◆ Exercise
Check every line of the entries for the string "native" and return the ones that contain it.

◆ Data records
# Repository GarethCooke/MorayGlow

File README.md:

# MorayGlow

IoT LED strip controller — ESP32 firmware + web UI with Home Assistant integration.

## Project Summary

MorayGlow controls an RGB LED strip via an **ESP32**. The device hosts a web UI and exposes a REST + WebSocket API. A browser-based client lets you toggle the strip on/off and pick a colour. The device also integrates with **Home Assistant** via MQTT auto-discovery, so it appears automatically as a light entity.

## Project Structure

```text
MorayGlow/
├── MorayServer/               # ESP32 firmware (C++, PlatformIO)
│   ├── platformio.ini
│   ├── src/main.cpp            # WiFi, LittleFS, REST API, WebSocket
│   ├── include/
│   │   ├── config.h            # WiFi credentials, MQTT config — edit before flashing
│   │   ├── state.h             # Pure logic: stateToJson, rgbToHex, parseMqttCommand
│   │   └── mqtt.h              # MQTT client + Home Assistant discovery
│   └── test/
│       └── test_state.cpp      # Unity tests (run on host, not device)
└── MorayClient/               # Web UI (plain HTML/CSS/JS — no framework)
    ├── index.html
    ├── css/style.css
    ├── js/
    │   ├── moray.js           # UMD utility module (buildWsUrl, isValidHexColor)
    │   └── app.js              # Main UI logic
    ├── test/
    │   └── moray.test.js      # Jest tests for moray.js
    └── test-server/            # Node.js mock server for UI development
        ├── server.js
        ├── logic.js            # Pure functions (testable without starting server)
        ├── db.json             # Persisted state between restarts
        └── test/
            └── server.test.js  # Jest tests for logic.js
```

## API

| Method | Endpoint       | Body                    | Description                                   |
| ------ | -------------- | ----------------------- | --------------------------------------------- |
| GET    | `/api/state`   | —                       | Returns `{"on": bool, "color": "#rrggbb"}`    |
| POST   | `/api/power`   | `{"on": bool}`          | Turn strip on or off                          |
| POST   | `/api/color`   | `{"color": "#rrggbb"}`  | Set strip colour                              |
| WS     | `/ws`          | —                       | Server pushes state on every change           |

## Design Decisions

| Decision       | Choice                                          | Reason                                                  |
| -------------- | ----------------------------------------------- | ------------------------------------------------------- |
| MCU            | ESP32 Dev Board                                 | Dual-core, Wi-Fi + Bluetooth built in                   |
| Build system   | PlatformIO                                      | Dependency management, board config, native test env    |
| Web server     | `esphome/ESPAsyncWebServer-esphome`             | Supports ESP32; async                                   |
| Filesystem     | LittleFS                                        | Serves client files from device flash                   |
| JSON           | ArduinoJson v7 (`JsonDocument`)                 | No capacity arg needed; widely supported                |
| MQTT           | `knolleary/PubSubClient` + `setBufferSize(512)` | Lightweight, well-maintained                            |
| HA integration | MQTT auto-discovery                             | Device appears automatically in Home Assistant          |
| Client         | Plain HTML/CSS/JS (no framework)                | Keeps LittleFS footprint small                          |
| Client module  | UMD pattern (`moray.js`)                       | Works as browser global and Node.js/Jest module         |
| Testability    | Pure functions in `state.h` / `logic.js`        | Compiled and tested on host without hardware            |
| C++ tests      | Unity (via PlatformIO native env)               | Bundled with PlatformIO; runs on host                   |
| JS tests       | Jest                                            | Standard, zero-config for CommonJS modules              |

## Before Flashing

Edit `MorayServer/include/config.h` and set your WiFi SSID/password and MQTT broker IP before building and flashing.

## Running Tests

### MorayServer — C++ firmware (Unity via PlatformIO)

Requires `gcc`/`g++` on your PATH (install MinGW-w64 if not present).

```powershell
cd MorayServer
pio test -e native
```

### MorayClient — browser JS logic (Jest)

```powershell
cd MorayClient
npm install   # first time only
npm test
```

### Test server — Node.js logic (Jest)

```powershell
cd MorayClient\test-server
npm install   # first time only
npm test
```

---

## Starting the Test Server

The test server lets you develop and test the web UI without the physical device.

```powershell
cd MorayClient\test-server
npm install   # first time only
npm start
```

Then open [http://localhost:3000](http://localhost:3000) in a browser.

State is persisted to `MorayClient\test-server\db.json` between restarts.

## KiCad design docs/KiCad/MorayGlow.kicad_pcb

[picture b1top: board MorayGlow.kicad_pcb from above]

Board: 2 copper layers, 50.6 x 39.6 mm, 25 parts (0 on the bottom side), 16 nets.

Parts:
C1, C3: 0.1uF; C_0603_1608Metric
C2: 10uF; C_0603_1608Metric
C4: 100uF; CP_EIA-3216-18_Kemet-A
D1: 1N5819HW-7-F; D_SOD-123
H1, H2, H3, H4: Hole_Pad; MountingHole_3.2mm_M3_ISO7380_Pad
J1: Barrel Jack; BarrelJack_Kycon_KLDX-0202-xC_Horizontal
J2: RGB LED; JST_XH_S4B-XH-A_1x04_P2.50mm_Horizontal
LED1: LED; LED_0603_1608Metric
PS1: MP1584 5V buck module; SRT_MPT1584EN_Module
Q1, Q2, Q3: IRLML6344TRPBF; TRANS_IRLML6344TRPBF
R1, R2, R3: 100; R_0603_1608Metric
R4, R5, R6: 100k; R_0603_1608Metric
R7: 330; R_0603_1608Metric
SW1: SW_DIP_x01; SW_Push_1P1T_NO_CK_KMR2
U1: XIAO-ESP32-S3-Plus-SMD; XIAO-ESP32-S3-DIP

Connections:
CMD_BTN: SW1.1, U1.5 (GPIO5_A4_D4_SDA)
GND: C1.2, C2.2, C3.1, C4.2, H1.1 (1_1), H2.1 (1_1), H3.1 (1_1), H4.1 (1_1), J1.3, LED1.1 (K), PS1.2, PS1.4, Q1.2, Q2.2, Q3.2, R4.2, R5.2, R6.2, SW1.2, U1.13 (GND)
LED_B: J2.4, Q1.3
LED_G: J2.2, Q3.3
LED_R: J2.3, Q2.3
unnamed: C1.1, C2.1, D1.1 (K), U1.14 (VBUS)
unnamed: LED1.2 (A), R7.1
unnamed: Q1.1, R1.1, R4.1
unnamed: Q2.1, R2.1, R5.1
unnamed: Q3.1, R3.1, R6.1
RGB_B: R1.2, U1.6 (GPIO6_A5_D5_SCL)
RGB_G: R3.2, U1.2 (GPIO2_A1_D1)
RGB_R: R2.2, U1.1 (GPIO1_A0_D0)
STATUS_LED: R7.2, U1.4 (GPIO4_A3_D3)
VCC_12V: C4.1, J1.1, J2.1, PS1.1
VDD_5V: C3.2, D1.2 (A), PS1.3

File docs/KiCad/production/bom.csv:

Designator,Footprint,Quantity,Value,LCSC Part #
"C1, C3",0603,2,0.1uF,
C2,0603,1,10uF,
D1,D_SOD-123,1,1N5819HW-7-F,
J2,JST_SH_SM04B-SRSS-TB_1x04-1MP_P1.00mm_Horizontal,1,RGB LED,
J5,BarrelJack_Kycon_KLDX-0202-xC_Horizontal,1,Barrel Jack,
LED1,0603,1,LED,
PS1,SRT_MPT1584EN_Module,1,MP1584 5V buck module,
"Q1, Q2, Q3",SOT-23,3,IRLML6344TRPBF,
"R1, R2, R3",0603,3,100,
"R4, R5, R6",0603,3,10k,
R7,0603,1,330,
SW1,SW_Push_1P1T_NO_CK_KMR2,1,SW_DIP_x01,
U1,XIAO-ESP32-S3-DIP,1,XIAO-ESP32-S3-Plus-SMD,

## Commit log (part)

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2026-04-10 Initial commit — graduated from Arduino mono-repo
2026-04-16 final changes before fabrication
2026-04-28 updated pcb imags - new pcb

◆ Answer
| Build system   | PlatformIO                                      | Dependency management, board config, native test env    |
| C++ tests      | Unity (via PlatformIO native env)               | Bundled with PlatformIO; runs on host                   |
pio test -e native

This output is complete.